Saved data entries
- - -

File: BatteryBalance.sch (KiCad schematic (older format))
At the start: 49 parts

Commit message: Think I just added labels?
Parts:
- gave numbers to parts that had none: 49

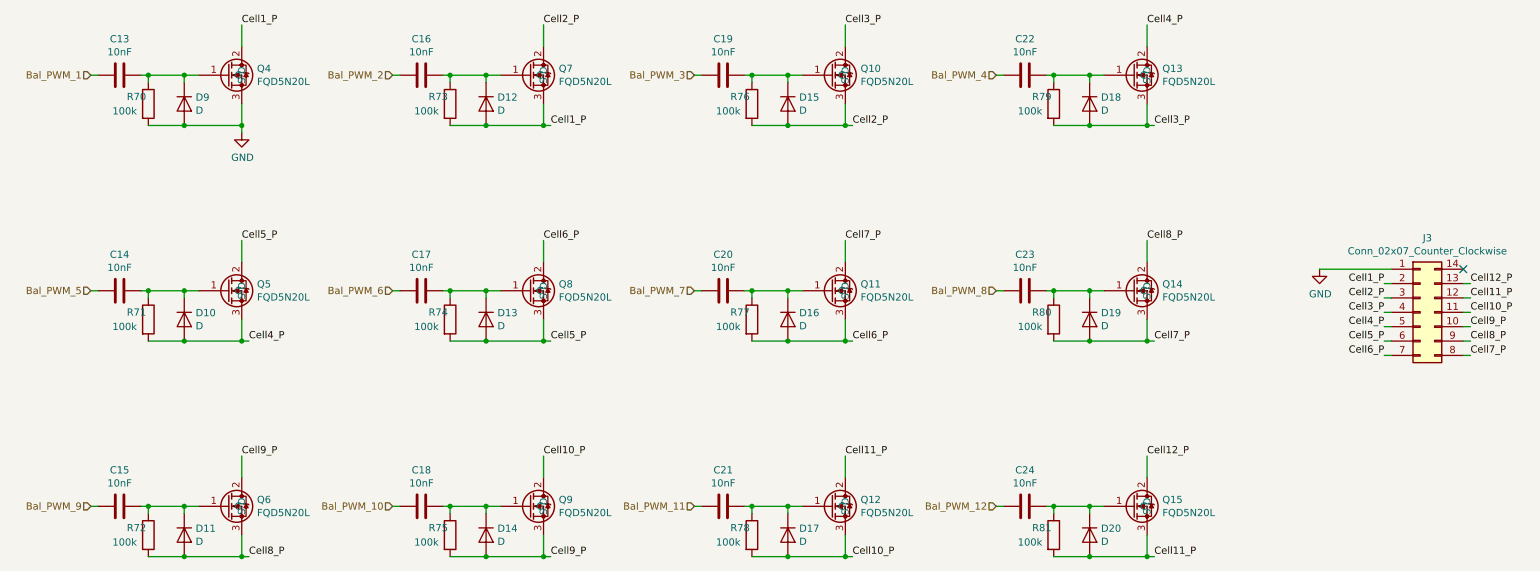
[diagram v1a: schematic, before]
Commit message: Added buttons + redid numbering
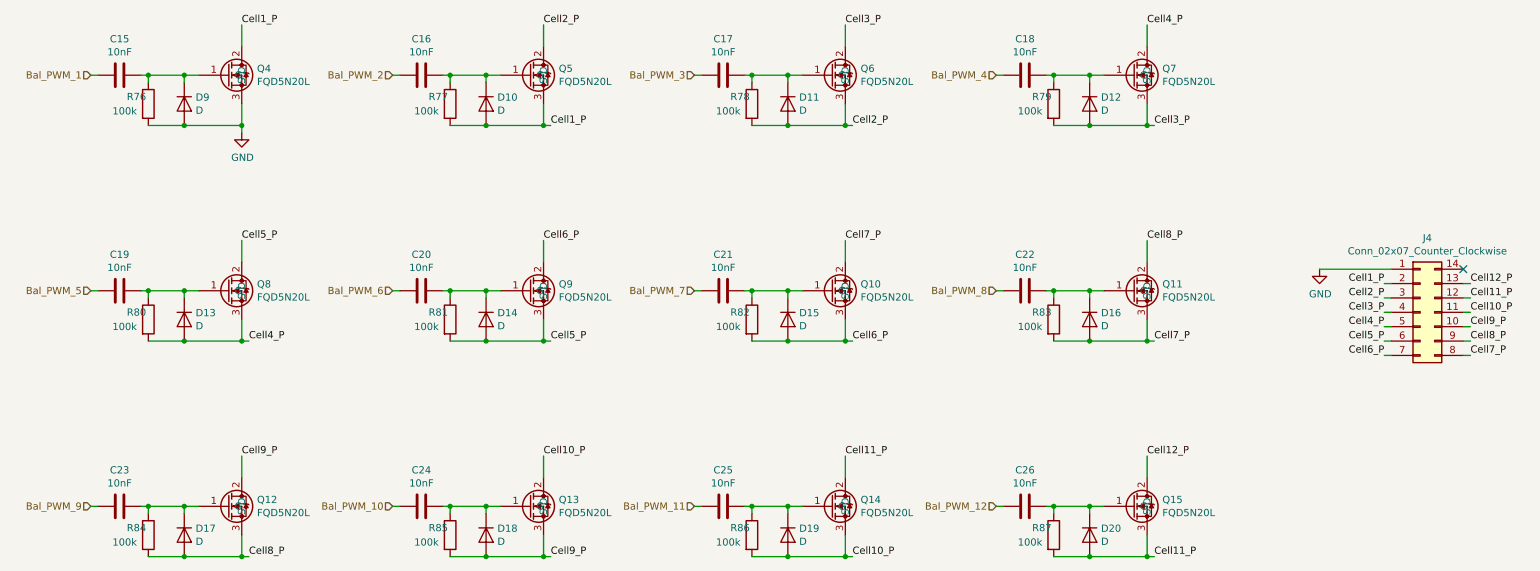
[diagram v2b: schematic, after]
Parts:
- renumbered C13 to C15, C19 to C17, C22 to C18, C14 to C19, C17 to C20, C20 to C21, C23 to C22, C15 to C23, C18 to C24, C21 to C25, C24 to C26, D12 to D10, D15 to D11, D18 to D12, D10 to D13, D13 to D14, D16 to D15, D19 to D16, D11 to D17, D14 to D18, D17 to D19, J3 to J4, Q11 to Q10, Q14 to Q11, Q6 to Q12, Q9 to Q13, Q12 to Q14, Q7 to Q5, Q10 to Q6, Q13 to Q7, Q5 to Q8, Q8 to Q9, R70 to R76, R73 to R77, R76 to R78, R71 to R80, R74 to R81, R77 to R82, R80 to R83, R72 to R84, R75 to R85, R78 to R86, R81 to R87

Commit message: Added most footprints
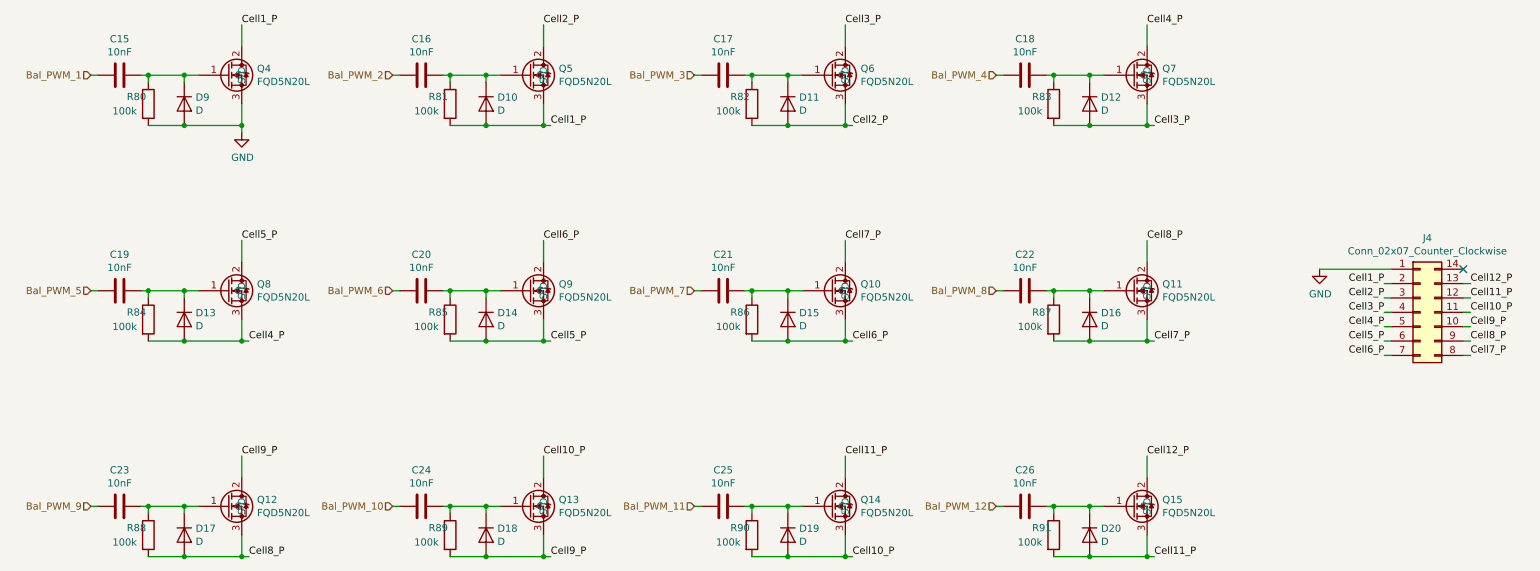
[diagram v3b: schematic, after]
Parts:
- C15, C16, C17, C18, C19, C20, C21, C22, C23, C24, C25, C26: footprint (none) -> Capacitor_SMD:C_1206_3216Metric
- D10, D11, D12, D13, D14, D15, D16, D17, D18, D19, D20, D9: footprint (none) -> Diode_SMD:D_0603_1608Metric_Pad1.05x0.95mm_HandSolder
- J4: footprint (none) -> Connector_PinHeader_2.54mm:PinHeader_2x07_P2.54mm_Vertical
- R80: renamed from R76; footprint (none) -> Resistor_SMD:R_0603_1608Metric_Pad1.05x0.95mm_HandSolder
- R81: renamed from R77; footprint (none) -> Resistor_SMD:R_0603_1608Metric_Pad1.05x0.95mm_HandSolder
- R82: renamed from R78; footprint (none) -> Resistor_SMD:R_0603_1608Metric_Pad1.05x0.95mm_HandSolder
- R83: renamed from R79; footprint (none) -> Resistor_SMD:R_0603_1608Metric_Pad1.05x0.95mm_HandSolder
- R84: renamed from R80; footprint (none) -> Resistor_SMD:R_0603_1608Metric_Pad1.05x0.95mm_HandSolder
- R85: renamed from R81; footprint (none) -> Resistor_SMD:R_0603_1608Metric_Pad1.05x0.95mm_HandSolder
- R86: renamed from R82; footprint (none) -> Resistor_SMD:R_0603_1608Metric_Pad1.05x0.95mm_HandSolder
- R87: renamed from R83; footprint (none) -> Resistor_SMD:R_0603_1608Metric_Pad1.05x0.95mm_HandSolder
- R88: renamed from R84; footprint (none) -> Resistor_SMD:R_0603_1608Metric_Pad1.05x0.95mm_HandSolder
- R89: renamed from R85; footprint (none) -> Resistor_SMD:R_0603_1608Metric_Pad1.05x0.95mm_HandSolder
- R90: renamed from R86; footprint (none) -> Resistor_SMD:R_0603_1608Metric_Pad1.05x0.95mm_HandSolder
- R91: renamed from R87; footprint (none) -> Resistor_SMD:R_0603_1608Metric_Pad1.05x0.95mm_HandSolder

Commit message: Switched to lower GPIO pin part to save space
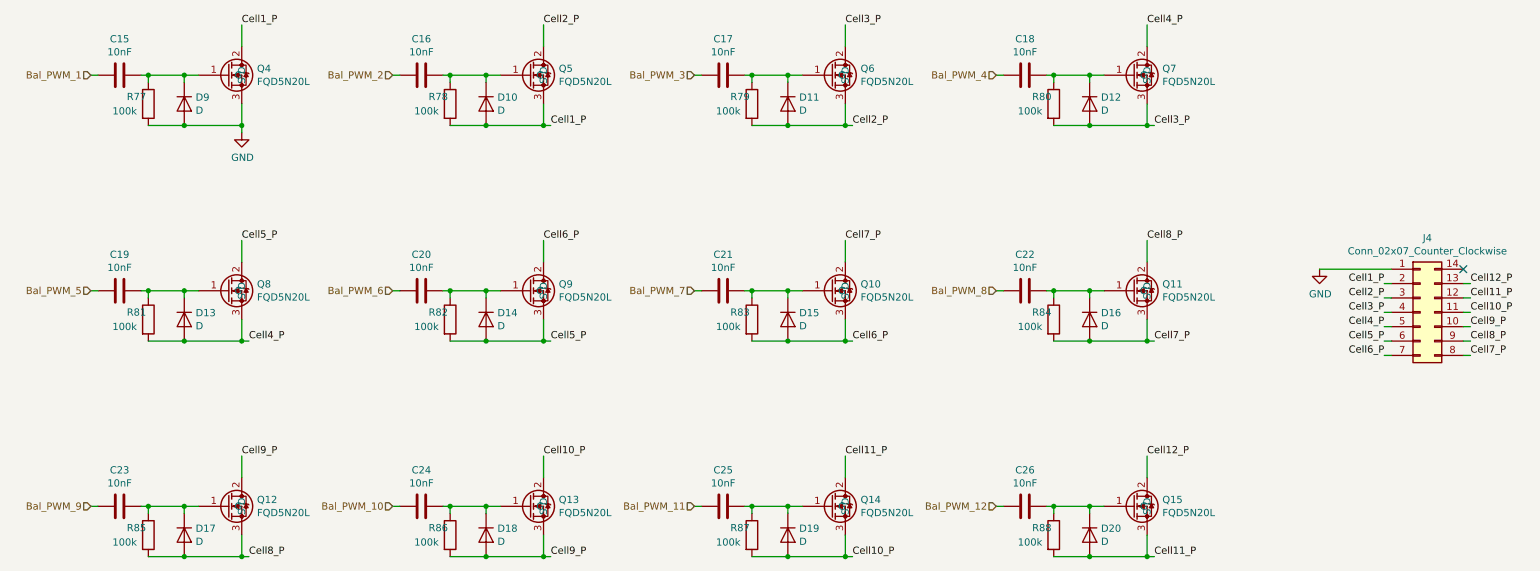
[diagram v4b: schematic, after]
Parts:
- renumbered R80 to R77, R81 to R78, R82 to R79, R83 to R80, R84 to R81, R85 to R82, R86 to R83, R87 to R84, R88 to R85, R89 to R86, R90 to R87, R91 to R88
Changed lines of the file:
@@
 P 9650 2850
 AR Path="/5F70A721/5F78CA1C" Ref="#PWR?"  Part="1"
-AR Path="/5F7870B7/5F78CA1C" Ref="#PWR088"  Part="1"
-F 0 "#PWR088" H 9650 2600 50  0001 C CNN
+AR Path="/5F7870B7/5F78CA1C" Ref="#PWR087"  Part="1"
+F 0 "#PWR087" H 9650 2600 50  0001 C CNN
 F 1 "GND" H 9655 2677 50  0000 C CNN
 F 2 "" H 9650 2850 50  0001 C CNN
@@
 $EndComp
 $Comp
-L Device:R R80
+L Device:R R77
 U 1 1 5F79167A
 P 1500 1700
-F 0 "R80" H 1350 1750 50  0000 L CNN
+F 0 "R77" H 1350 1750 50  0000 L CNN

- - -

_WORK REQUIRED_. Each line of the data that has the string "after" should be returned.

_SOLVED PROBLEM_.
[diagram v2b: schematic, after]
[diagram v3b: schematic, after]
[diagram v4b: schematic, after]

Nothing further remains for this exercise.